Researchers at MIT’s Computing and Artificial Intelligence Laboratory (CSAIL) have developed an open-source Multiply-ADDitioN-lESS (MADDNESS) algorithm, which accelerates machine learning using approximate matrix multiplication (AMM) . MADDNESS does not require any multiplication-addition operation and performs 10 times faster than other approximate methods and 100 times faster than exact multiplication.

The team described MADDNESS and a set of experiments in an article presented at the recent International Conference on Machine Learning (ICML). Unlike many other AMM algorithms, MADDNESS does not use any multiply-add operation. Instead, MADDNESS uses a set of efficient learned hash functions that achieve encode rates of 100 GB / second using a single CPU thread. Hash functions map the input data to an index in a lookup table that contains precomputed dot products. Although the algorithm introduces some output error, the authors show that the algorithm has a theoretical upper bound on the error, which can be compensated for by speed. In a series of experiments comparing the performance of MADDNESS to other algorithms in an image classifier, the researchers found that MADDNESS offered a better speed-precision tradeoff and achieved “virtually the same precision as exact multiplication” while being 10 times faster.

Matrix multiplication is a fundamental operation in machine learning and one of the most time consuming, due to the heavy use of multiply-add instructions. Since GPU and TPU chips can perform many multiple additions in parallel, they perform matrix multiplication faster than CPUs, making them attractive for ML applications; however, they can be too expensive or even unavailable for researchers on a budget, or in resource-limited applications like IoT. Thus, many researchers have studied AMM algorithms, which trade the precision of matrix multiplication for speed.
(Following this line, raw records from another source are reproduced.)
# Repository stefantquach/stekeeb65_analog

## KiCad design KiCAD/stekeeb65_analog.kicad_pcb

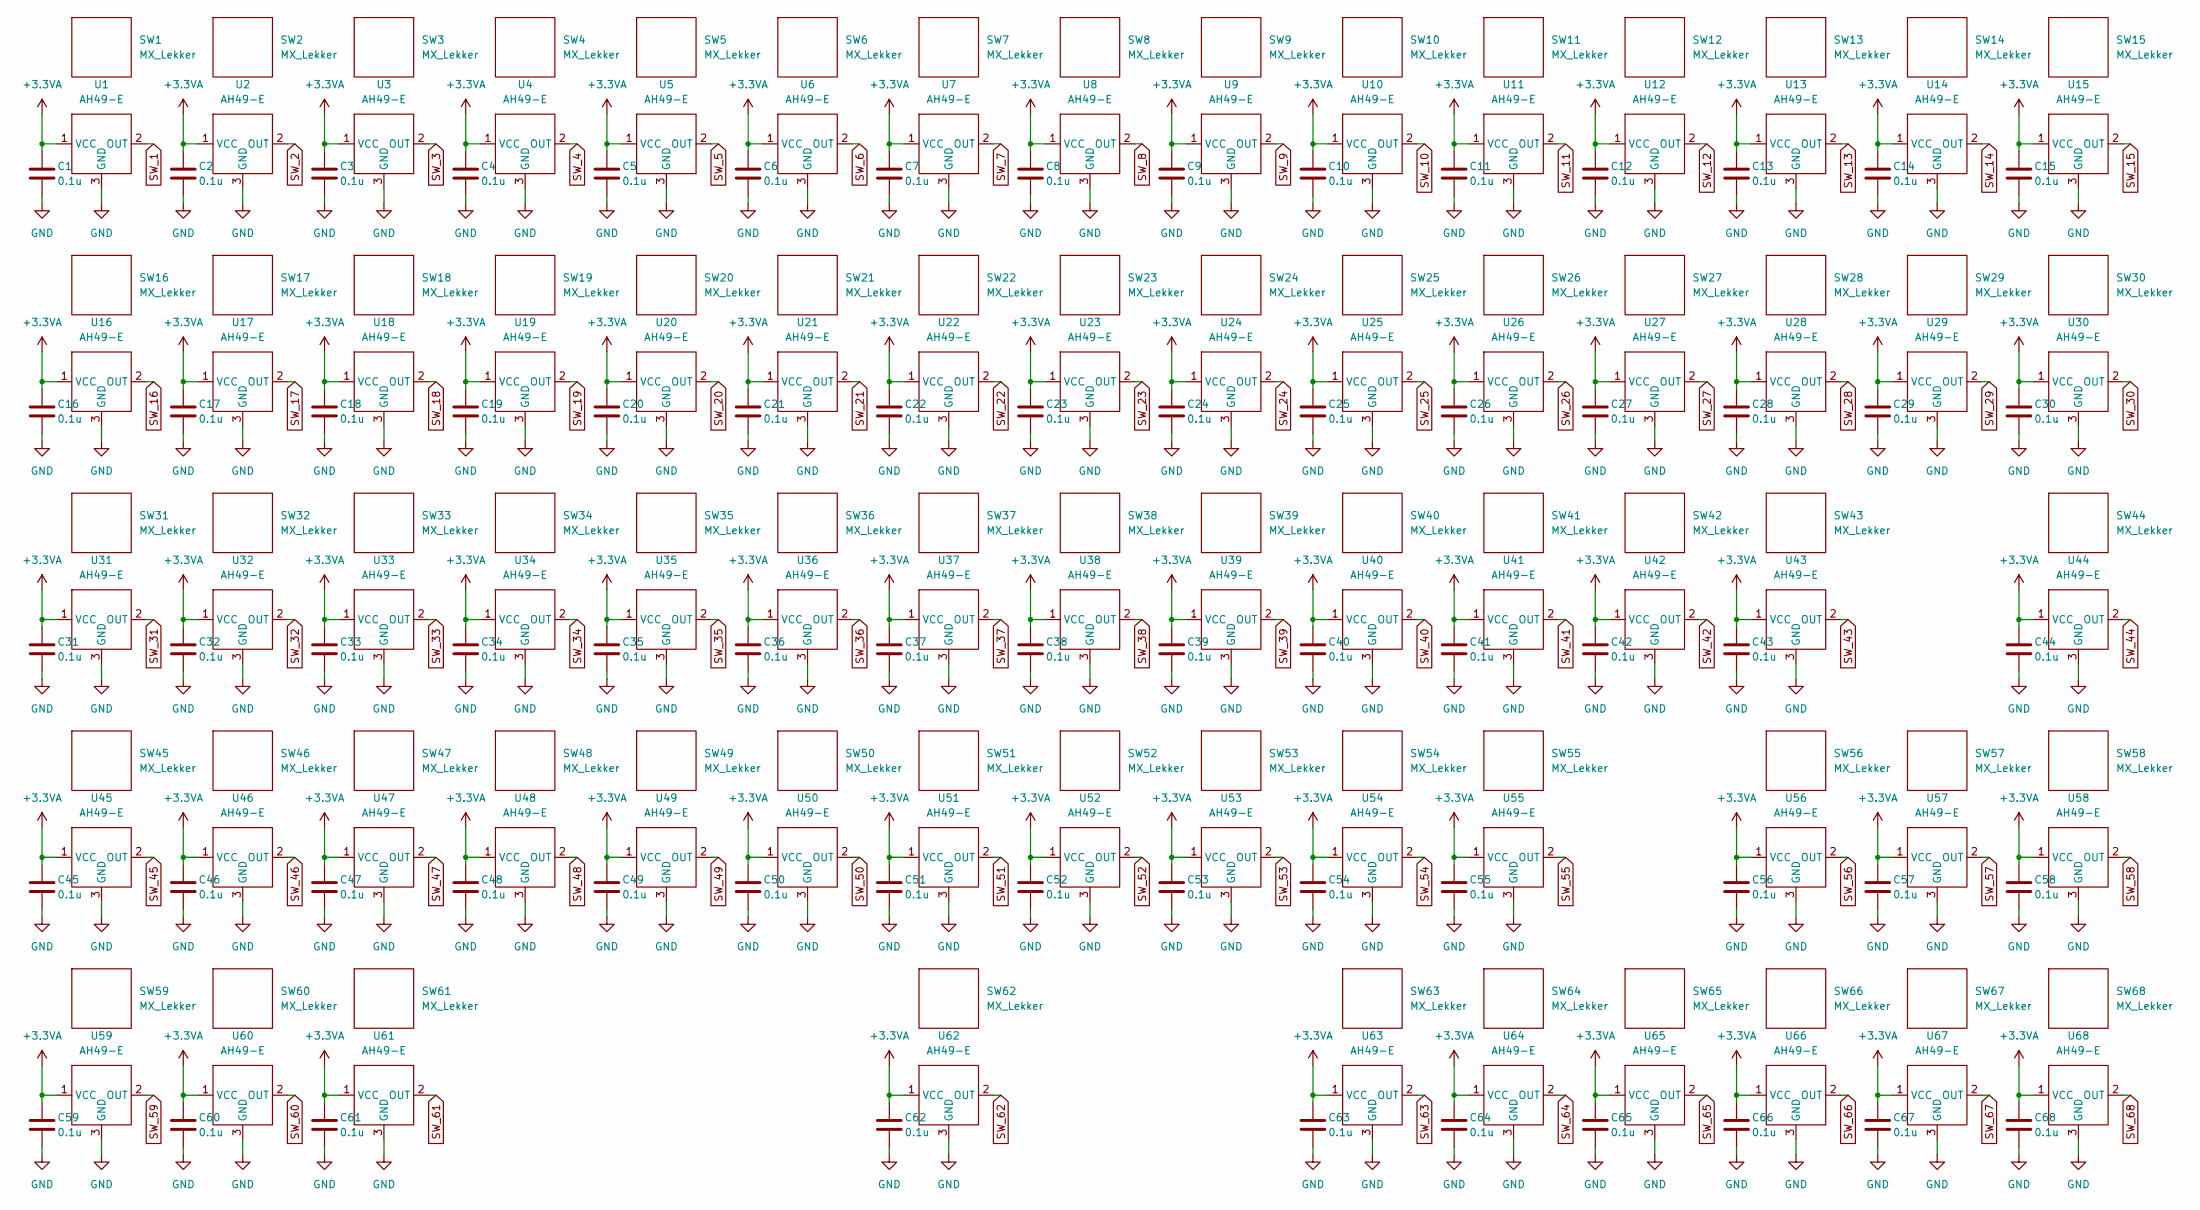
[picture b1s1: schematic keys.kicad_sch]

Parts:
C1, C2, C3, C4, C5, C6, C7, C8, C9, C10, C11, C12, C13, C14, C15, C16, C17, C18, C19, C20, C21, C22, C23, C24, C25, C26, C27, C28, C29, C30, C31, C32, C33, C34, C35, C36, C37, C38, C39, C40, C41, C42, C43, C44, C45, C46, C47, C48, C49, C50, C51, C52, C53, C54, C55, C56, C57, C58, C59, C60, C61, C62, C63, C64, C65, C66, C67, C68: 0.1u; C_0603_1608Metric_Pad1.08x0.95mm_HandSolder; Part Number C0603C104M4RAC7411
SW1, SW2, SW3, SW4, SW5, SW6, SW7, SW8, SW9, SW10, SW11, SW12, SW13, SW15, SW17, SW18, SW19, SW20, SW21, SW22, SW23, SW24, SW25, SW26, SW27, SW28, SW30, SW32, SW33, SW34, SW35, SW36, SW37, SW38, SW39, SW40, SW41, SW42, SW44, SW46, SW47, SW48, SW49, SW50, SW51, SW52, SW53, SW54, SW55, SW57, SW58, SW63, SW64, SW65, SW66, SW67, SW68: MX_Lekker
SW14: MX_Lekker; MX_Lekker-2U
SW16, SW29: MX_Lekker; MX_Lekker-1.5U
SW31, SW56: MX_Lekker; MX_Lekker-1.75U
SW43, SW45: MX_Lekker; MX_Lekker-2.25U
SW59, SW60, SW61: MX_Lekker; MX_Lekker-1.25U
SW62: MX_Lekker; MX_Lekker-6.25U-ReversedStabilizers
U1, U2, U3, U4, U5, U6, U7, U8, U9, U10, U11, U12, U13, U14, U15, U16, U17, U18, U19, U20, U21, U22, U23, U24, U25, U26, U27, U28, U29, U30, U31, U32, U33, U34, U35, U36, U37, U38, U39, U40, U41, U42, U43, U44, U45, U46, U47, U48, U49, U50, U51, U52, U53, U54, U55, U56, U57, U58, U59, U60, U61, U62, U63, U64, U65, U66, U67, U68: AH49-E; SOT-23_Handsoldering_no_plane

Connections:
+3.3VA: C1.1, C2.1, C3.1, C4.1, C5.1, C6.1, C7.1, C8.1, C9.1, C10.1, C11.1, C12.1, C13.1, C14.1, C15.1, C16.1, C17.1, C18.1, C19.1, C20.1, C21.1, C22.1, C23.1, C24.1, C25.1, C26.1, C27.1, C28.1, C29.1, C30.1, C31.1, C32.1, C33.1, C34.1, C35.1, C36.1, C37.1, C38.1, C39.1, C40.1, C41.1, C42.1, C43.1, C44.1, C45.1, C46.1, C47.1, C48.1, C49.1, C50.1, C51.1, C52.1, C53.1, C54.1, C55.1, C56.1, C57.1, C58.1, C59.1, C60.1, C61.1, C62.1, C63.1, C64.1, C65.1, C66.1, C67.1, C68.1, U1.1 (VCC), U2.1 (VCC), U3.1 (VCC), U4.1 (VCC), U5.1 (VCC), U6.1 (VCC), U7.1 (VCC), U8.1 (VCC), U9.1 (VCC), U10.1 (VCC), U11.1 (VCC), U12.1 (VCC), U13.1 (VCC), U14.1 (VCC), U15.1 (VCC), U16.1 (VCC), U17.1 (VCC), U18.1 (VCC), U19.1 (VCC), U20.1 (VCC), U21.1 (VCC), U22.1 (VCC), U23.1 (VCC), U24.1 (VCC), U25.1 (VCC), U26.1 (VCC), U27.1 (VCC), U28.1 (VCC), U29.1 (VCC), U30.1 (VCC), U31.1 (VCC), U32.1 (VCC), U33.1 (VCC), U34.1 (VCC), U35.1 (VCC), U36.1 (VCC), U37.1 (VCC), U38.1 (VCC), U39.1 (VCC), U40.1 (VCC), U41.1 (VCC), U42.1 (VCC), U43.1 (VCC), U44.1 (VCC), U45.1 (VCC), U46.1 (VCC), U47.1 (VCC), U48.1 (VCC), U49.1 (VCC), U50.1 (VCC), U51.1 (VCC), U52.1 (VCC), U53.1 (VCC), U54.1 (VCC), U55.1 (VCC), U56.1 (VCC), U57.1 (VCC), U58.1 (VCC), U59.1 (VCC), U60.1 (VCC), U61.1 (VCC), U62.1 (VCC), U63.1 (VCC), U64.1 (VCC), U65.1 (VCC), U66.1 (VCC), U67.1 (VCC), U68.1 (VCC); also elsewhere on the board
GND: C1.2, C2.2, C3.2, C4.2, C5.2, C6.2, C7.2, C8.2, C9.2, C10.2, C11.2, C12.2, C13.2, C14.2, C15.2, C16.2, C17.2, C18.2, C19.2, C20.2, C21.2, C22.2, C23.2, C24.2, C25.2, C26.2, C27.2, C28.2, C29.2, C30.2, C31.2, C32.2, C33.2, C34.2, C35.2, C36.2, C37.2, C38.2, C39.2, C40.2, C41.2, C42.2, C43.2, C44.2, C45.2, C46.2, C47.2, C48.2, C49.2, C50.2, C51.2, C52.2, C53.2, C54.2, C55.2, C56.2, C57.2, C58.2, C59.2, C60.2, C61.2, C62.2, C63.2, C64.2, C65.2, C66.2, C67.2, C68.2, U1.3 (GND), U2.3 (GND), U3.3 (GND), U4.3 (GND), U5.3 (GND), U6.3 (GND), U7.3 (GND), U8.3 (GND), U9.3 (GND), U10.3 (GND), U11.3 (GND), U12.3 (GND), U13.3 (GND), U14.3 (GND), U15.3 (GND), U16.3 (GND), U17.3 (GND), U18.3 (GND), U19.3 (GND), U20.3 (GND), U21.3 (GND), U22.3 (GND), U23.3 (GND), U24.3 (GND), U25.3 (GND), U26.3 (GND), U27.3 (GND), U28.3 (GND), U29.3 (GND), U30.3 (GND), U31.3 (GND), U32.3 (GND), U33.3 (GND), U34.3 (GND), U35.3 (GND), U36.3 (GND), U37.3 (GND), U38.3 (GND), U39.3 (GND), U40.3 (GND), U41.3 (GND), U42.3 (GND), U43.3 (GND), U44.3 (GND), U45.3 (GND), U46.3 (GND), U47.3 (GND), U48.3 (GND), U49.3 (GND), U50.3 (GND), U51.3 (GND), U52.3 (GND), U53.3 (GND), U54.3 (GND), U55.3 (GND), U56.3 (GND), U57.3 (GND), U58.3 (GND), U59.3 (GND), U60.3 (GND), U61.3 (GND), U62.3 (GND), U63.3 (GND), U64.3 (GND), U65.3 (GND), U66.3 (GND), U67.3 (GND), U68.3 (GND); also elsewhere on the board
SW_1: U1.2 (OUT); also elsewhere on the board
SW_2: U2.2 (OUT); also elsewhere on the board
SW_3: U3.2 (OUT); also elsewhere on the board
SW_4: U4.2 (OUT); also elsewhere on the board
SW_5: U5.2 (OUT); also elsewhere on the board
SW_6: U6.2 (OUT); also elsewhere on the board
SW_7: U7.2 (OUT); also elsewhere on the board
SW_8: U8.2 (OUT); also elsewhere on the board
SW_9: U9.2 (OUT); also elsewhere on the board
SW_10: U10.2 (OUT); also elsewhere on the board
SW_11: U11.2 (OUT); also elsewhere on the board
SW_12: U12.2 (OUT); also elsewhere on the board
SW_13: U13.2 (OUT); also elsewhere on the board
SW_14: U14.2 (OUT); also elsewhere on the board
SW_15: U15.2 (OUT)
SW_16: U16.2 (OUT); also elsewhere on the board
SW_17: U17.2 (OUT); also elsewhere on the board
SW_18: U18.2 (OUT); also elsewhere on the board
SW_19: U19.2 (OUT); also elsewhere on the board
SW_20: U20.2 (OUT); also elsewhere on the board
SW_21: U21.2 (OUT); also elsewhere on the board
SW_22: U22.2 (OUT); also elsewhere on the board
SW_23: U23.2 (OUT); also elsewhere on the board
SW_24: U24.2 (OUT); also elsewhere on the board
SW_25: U25.2 (OUT); also elsewhere on the board
SW_26: U26.2 (OUT); also elsewhere on the board
SW_27: U27.2 (OUT); also elsewhere on the board
SW_28: U28.2 (OUT); also elsewhere on the board
SW_29: U29.2 (OUT); also elsewhere on the board
SW_30: U30.2 (OUT)
SW_31: U31.2 (OUT); also elsewhere on the board
SW_32: U32.2 (OUT); also elsewhere on the board
SW_33: U33.2 (OUT); also elsewhere on the board
SW_34: U34.2 (OUT); also elsewhere on the board
SW_35: U35.2 (OUT); also elsewhere on the board
SW_36: U36.2 (OUT); also elsewhere on the board
SW_37: U37.2 (OUT); also elsewhere on the board
SW_38: U38.2 (OUT); also elsewhere on the board
SW_39: U39.2 (OUT)
SW_40: U40.2 (OUT)
SW_41: U41.2 (OUT)
SW_42: U42.2 (OUT)
SW_43: U43.2 (OUT)
SW_44: U44.2 (OUT)
SW_45: U45.2 (OUT); also elsewhere on the board
SW_46: U46.2 (OUT); also elsewhere on the board
SW_47: U47.2 (OUT); also elsewhere on the board
SW_48: U48.2 (OUT); also elsewhere on the board
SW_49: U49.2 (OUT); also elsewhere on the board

The MADDNESS algorithm makes several assumptions about multiplied matrices: “large, relatively dense, and residing in single machine memory”, which occur in a wide variety of machine learning applications. In particular, a matrix contains fixed values; this can represent the weights in an image classifier model. The other matrix represents the input data; for example, the pixels of an image to classify. MADDNESS is based on a vector quantization algorithm called product quantification (PQ). In PQ, a large set of input vectors is analyzed to create a small number of *prototype* vectors. The products of each prototype vector with the fixed weight vector are pre-calculated. Then, any new input vector is mapped to its most similar prototype using a *hash function*, which gives an index to a pre-calculated product.

The key innovation with MADDNESS uses a preprocessing step to produce very fast hash functions that do not require multiply-add operations. The functions are based on binary regression trees; each tree has 16 leaves which represent buckets of hashish. Mapping from an input vector to a prototype only requires a comparison with the threshold values of the divisions of the tree. MADDNESS includes two additional performance enhancements: a prototype optimization that chooses a set of prototypes that minimizes the error in rebuilding the original array, and a fast 8-bit aggregation that combines multiple products using computational instructions from material-specific average instead of an add-on.

The researchers compared MADDNESS to six other AMM algorithms, including Principal Component Analysis (PCA) and Bolt, their own previous AMM algorithm, as well as exact matrix multiplication using BLAS. The AMM algorithms were used as part of an image classifier trained and evaluated on the ICRA datasets. MADDNESS has outperformed all other methods, achieving a “much better speed-precision compromise”. The team also compared MADDNESS to other algorithms using kernel classifiers trained on UCR Time Series Archive datasets; in these experiments MADDNESS was “significantly faster than the alternatives at a given level of precision”.

Lead author Davis Blalock joined a discussion on Reddit to answer questions on the MADDNESS article. Asked about extending the algorithm to nonlinear functions, Blalock clarified:

Work on its extension to other linear functions (eg convolution) and intelligently exchange linear operations with a global neural network. So in the sense that neural networks are nonlinear functions, yes. Do not work on the direct approximation of nonlinearities as they are inexpensive to simply apply to the output of linear operations (especially if you are just writing a merged kernel that does both operations at the same time).

The source code for MADDNESS is available on GitHub.